The effect of small tumor volumes on studies of intratumoral heterogeneity of tracer uptake.

The number of studies in the literature involving quantification of the metabolic heterogeneity seen in (18)F-FDG PET images has increased sharply over recent years. We hypothesized that inclusion of very small regions of interest as unique data points will have deleterious effects on these studies. Using a combination of probability theory and clinical (18)F-FDG PET data, we numerically calculated the curve describing the probability a given tumor volume is large enough to adequately sample the underlying tumor biology assayed via a PET/CT scanner at a planar resolution of 4 mm and transaxial resolution of 4 mm (64 mm(3) voxel size).

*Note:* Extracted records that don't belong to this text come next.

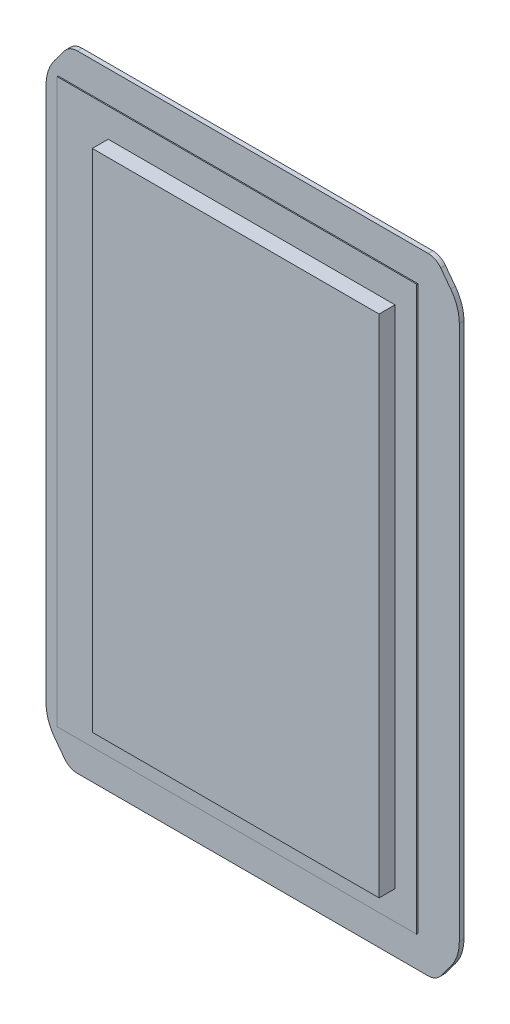
ISO-10303-21;
HEADER;
FILE_DESCRIPTION(('STEP AP214'),'2;1');
FILE_NAME('part.step','',(''),(''),'','','');
FILE_SCHEMA(('AUTOMOTIVE_DESIGN { 1 0 10303 214 1 1 1 1 }'));
ENDSEC;
DATA;
#1=APPLICATION_CONTEXT('core data for automotive mechanical design processes');
#2=APPLICATION_PROTOCOL_DEFINITION('international standard','automotive_design',2000,#1);
#3=PRODUCT_CONTEXT('',#1,'mechanical');
#4=PRODUCT('Part','Part','',(#3));
#5=PRODUCT_RELATED_PRODUCT_CATEGORY('part','',(#4));
#6=PRODUCT_DEFINITION_FORMATION('','',#4);
#7=PRODUCT_DEFINITION_CONTEXT('part definition',#1,'design');
#8=PRODUCT_DEFINITION('design','',#6,#7);
#9=PRODUCT_DEFINITION_SHAPE('','',#8);
#10=(LENGTH_UNIT() NAMED_UNIT(*) SI_UNIT(.MILLI.,.METRE.));
#11=(NAMED_UNIT(*) PLANE_ANGLE_UNIT() SI_UNIT($,.RADIAN.));
#12=(NAMED_UNIT(*) SI_UNIT($,.STERADIAN.) SOLID_ANGLE_UNIT());
#13=UNCERTAINTY_MEASURE_WITH_UNIT(LENGTH_MEASURE(1.E-05),#10,'distance_accuracy_value','');
#14=(GEOMETRIC_REPRESENTATION_CONTEXT(3) GLOBAL_UNCERTAINTY_ASSIGNED_CONTEXT((#13)) GLOBAL_UNIT_ASSIGNED_CONTEXT((#10,
#11,#12)) REPRESENTATION_CONTEXT('',''));
#15=CARTESIAN_POINT('',(0.,0.,0.));
#16=DIRECTION('',(0.,0.,1.));
#17=DIRECTION('',(1.,0.,0.));
#18=AXIS2_PLACEMENT_3D('',#15,#16,#17);
#19=CARTESIAN_POINT('',(0.,0.,1.075));
#20=DIRECTION('',(0.,0.,-1.));
#21=DIRECTION('',(-1.,0.,0.));
#22=AXIS2_PLACEMENT_3D('',#19,#20,#21);
#23=PLANE('',#22);
#24=DIRECTION('',(1.,0.,0.));
#25=VECTOR('',#24,1.);
#26=CARTESIAN_POINT('',(31.08,-53.,1.075));
#27=LINE('',#26,#25);
#28=CARTESIAN_POINT('',(-36.62,-53.,1.075));
#29=VERTEX_POINT('',#28);
#30=CARTESIAN_POINT('',(31.08,-53.,1.075));
#31=VERTEX_POINT('',#30);
#32=EDGE_CURVE('E256',#29,#31,#27,.T.);
#33=ORIENTED_EDGE('',*,*,#32,.T.);
#34=DIRECTION('',(0.,1.,0.));
#35=VECTOR('',#34,1.);
#36=CARTESIAN_POINT('',(31.08,53.,1.075));
#37=LINE('',#36,#35);
#38=CARTESIAN_POINT('',(31.08,53.,1.075));
#39=VERTEX_POINT('',#38);
#40=EDGE_CURVE('E261',#31,#39,#37,.T.);
#41=ORIENTED_EDGE('',*,*,#40,.T.);
#42=DIRECTION('',(-1.,0.,0.));
#43=VECTOR('',#42,1.);
#44=CARTESIAN_POINT('',(-36.62,53.,1.075));
#45=LINE('',#44,#43);
#46=CARTESIAN_POINT('',(-36.62,53.,1.075));
#47=VERTEX_POINT('',#46);
#48=EDGE_CURVE('E262',#39,#47,#45,.T.);
#49=ORIENTED_EDGE('',*,*,#48,.T.);
#50=DIRECTION('',(0.,-1.,0.));
#51=VECTOR('',#50,1.);
#52=CARTESIAN_POINT('',(-36.62,-53.,1.075));
#53=LINE('',#52,#51);
#54=EDGE_CURVE('E266',#47,#29,#53,.T.);
#55=ORIENTED_EDGE('',*,*,#54,.T.);
#56=EDGE_LOOP('',(#33,#41,#49,#55));
#57=FACE_BOUND('',#56,.T.);
#58=DIRECTION('',(0.,-1.,0.));
#59=VECTOR('',#58,1.);
#60=CARTESIAN_POINT('',(-27.,47.6,1.075));
#61=LINE('',#60,#59);
#62=CARTESIAN_POINT('',(-27.,47.6,1.075));
#63=VERTEX_POINT('',#62);
#64=CARTESIAN_POINT('',(-27.,-47.6,1.075));
#65=VERTEX_POINT('',#64);
#66=EDGE_CURVE('E248',#63,#65,#61,.T.);
#67=ORIENTED_EDGE('',*,*,#66,.F.);
#68=DIRECTION('',(-1.,0.,0.));
#69=VECTOR('',#68,1.);
#70=CARTESIAN_POINT('',(-27.,47.6,1.075));
#71=LINE('',#70,#69);
#72=CARTESIAN_POINT('',(27.,47.6,1.075));
#73=VERTEX_POINT('',#72);
#74=EDGE_CURVE('E244',#73,#63,#71,.T.);
#75=ORIENTED_EDGE('',*,*,#74,.F.);
#76=DIRECTION('',(0.,1.,0.));
#77=VECTOR('',#76,1.);
#78=CARTESIAN_POINT('',(27.,47.6,1.075));
#79=LINE('',#78,#77);
#80=CARTESIAN_POINT('',(27.,-47.6,1.075));
#81=VERTEX_POINT('',#80);
#82=EDGE_CURVE('E39',#81,#73,#79,.T.);
#83=ORIENTED_EDGE('',*,*,#82,.F.);
#84=DIRECTION('',(1.,0.,0.));
#85=VECTOR('',#84,1.);
#86=CARTESIAN_POINT('',(-27.,-47.6,1.075));
#87=LINE('',#86,#85);
#88=EDGE_CURVE('E35',#65,#81,#87,.T.);
#89=ORIENTED_EDGE('',*,*,#88,.F.);
#90=EDGE_LOOP('',(#67,#75,#83,#89));
#91=FACE_BOUND('',#90,.T.);
#92=ADVANCED_FACE('F18',(#57,#91),#23,.F.);
#93=CARTESIAN_POINT('',(30.9,50.4,0.875));
#94=DIRECTION('',(0.,0.,-1.));
#95=DIRECTION('',(-1.,0.,0.));
#96=AXIS2_PLACEMENT_3D('',#93,#94,#95);
#97=PLANE('',#96);
#98=CARTESIAN_POINT('',(30.9,50.4,0.875));
#99=DIRECTION('',(0.,0.,1.));
#100=DIRECTION('',(-1.,0.,0.));
#101=AXIS2_PLACEMENT_3D('',#98,#99,#100);
#102=CIRCLE('',#101,8.);
#103=CARTESIAN_POINT('',(38.9,50.4,0.875));
#104=VERTEX_POINT('',#103);
#105=CARTESIAN_POINT('',(37.2890840803784,55.2145201852164,0.875));
#106=VERTEX_POINT('',#105);
#107=EDGE_CURVE('E356',#104,#106,#102,.T.);
#108=ORIENTED_EDGE('',*,*,#107,.T.);
#109=DIRECTION('',(-0.601815023152051,0.798635510047291,0.));
#110=VECTOR('',#109,1.);
#111=CARTESIAN_POINT('',(35.4120375453576,57.7054450694562,0.875));
#112=LINE('',#111,#110);
#113=CARTESIAN_POINT('',(35.4120375453576,57.7054450694562,0.875));
#114=VERTEX_POINT('',#113);
#115=EDGE_CURVE('E357',#106,#114,#112,.T.);
#116=ORIENTED_EDGE('',*,*,#115,.T.);
#117=CARTESIAN_POINT('',(33.0161310152157,55.9,0.875));
#118=DIRECTION('',(0.,0.,1.));
#119=DIRECTION('',(-1.,0.,0.));
#120=AXIS2_PLACEMENT_3D('',#117,#118,#119);
#121=CIRCLE('',#120,3.);
#122=CARTESIAN_POINT('',(33.0161310152157,58.9,0.875));
#123=VERTEX_POINT('',#122);
#124=EDGE_CURVE('E362',#114,#123,#121,.T.);
#125=ORIENTED_EDGE('',*,*,#124,.T.);
#126=DIRECTION('',(-1.,0.,0.));
#127=VECTOR('',#126,1.);
#128=CARTESIAN_POINT('',(-33.0161310152157,58.9,0.875));
#129=LINE('',#128,#127);
#130=CARTESIAN_POINT('',(-33.0161310152157,58.9,0.875));
#131=VERTEX_POINT('',#130);
#132=EDGE_CURVE('E365',#123,#131,#129,.T.);
#133=ORIENTED_EDGE('',*,*,#132,.T.);
#134=CARTESIAN_POINT('',(-33.0161310152157,55.9,0.875));
#135=DIRECTION('',(0.,0.,1.));
#136=DIRECTION('',(1.,0.,0.));
#137=AXIS2_PLACEMENT_3D('',#134,#135,#136);
#138=CIRCLE('',#137,3.);
#139=CARTESIAN_POINT('',(-35.4120375453576,57.7054450694562,0.875));
#140=VERTEX_POINT('',#139);
#141=EDGE_CURVE('E368',#131,#140,#138,.T.);
#142=ORIENTED_EDGE('',*,*,#141,.T.);
#143=DIRECTION('',(-0.601815023152053,-0.79863551004729,0.));
#144=VECTOR('',#143,1.);
#145=CARTESIAN_POINT('',(-37.2890840803783,55.2145201852164,0.875));
#146=LINE('',#145,#144);
#147=CARTESIAN_POINT('',(-37.2890840803783,55.2145201852164,0.875));
#148=VERTEX_POINT('',#147);
#149=EDGE_CURVE('E366',#140,#148,#146,.T.);
#150=ORIENTED_EDGE('',*,*,#149,.T.);
#151=CARTESIAN_POINT('',(-30.9,50.4,0.875));
#152=DIRECTION('',(0.,0.,1.));
#153=DIRECTION('',(-1.,0.,0.));
#154=AXIS2_PLACEMENT_3D('',#151,#152,#153);
#155=CIRCLE('',#154,8.);
#156=CARTESIAN_POINT('',(-38.9,50.4,0.875));
#157=VERTEX_POINT('',#156);
#158=EDGE_CURVE('E367',#148,#157,#155,.T.);
#159=ORIENTED_EDGE('',*,*,#158,.T.);
#160=DIRECTION('',(0.,-1.,0.));
#161=VECTOR('',#160,1.);
#162=CARTESIAN_POINT('',(-38.9,-50.4,0.875));
#163=LINE('',#162,#161);
#164=CARTESIAN_POINT('',(-38.9,-50.4,0.875));
#165=VERTEX_POINT('',#164);
#166=EDGE_CURVE('E375',#157,#165,#163,.T.);
#167=ORIENTED_EDGE('',*,*,#166,.T.);
#168=CARTESIAN_POINT('',(-30.9,-50.4,0.875));
#169=DIRECTION('',(0.,0.,1.));
#170=DIRECTION('',(1.,0.,0.));
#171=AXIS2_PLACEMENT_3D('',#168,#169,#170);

We then used a computer simulation to isolate the effects of tumor volume on the image local entropy. We computed the underlying global intensity distribution for 70 cervical cancer tumors ranging from 4 to 248 cm(3)), which were ensemble-averaged over the same intensity scale. From this distribution, we determined that about 700 total voxels (45 cm(3)) are required to give 95% certainty that the global intensity distribution has been sufficiently sampled for common statistical comparisons of individual tumor intensity distributions to be made canonically. We demonstrated that one previously suggested measure of heterogeneity is dependent on tumor volume and that measurement of heterogeneity is about 5 times more sensitive to volume changes for volumes below the proposed minimum than for those above it. Inclusion of tumor volumes below 45 cm(3) can profoundly bias comparisons of intratumoral uptake heterogeneity metrics derived from data from the current generation of whole-body (18)F-FDG PET scanners.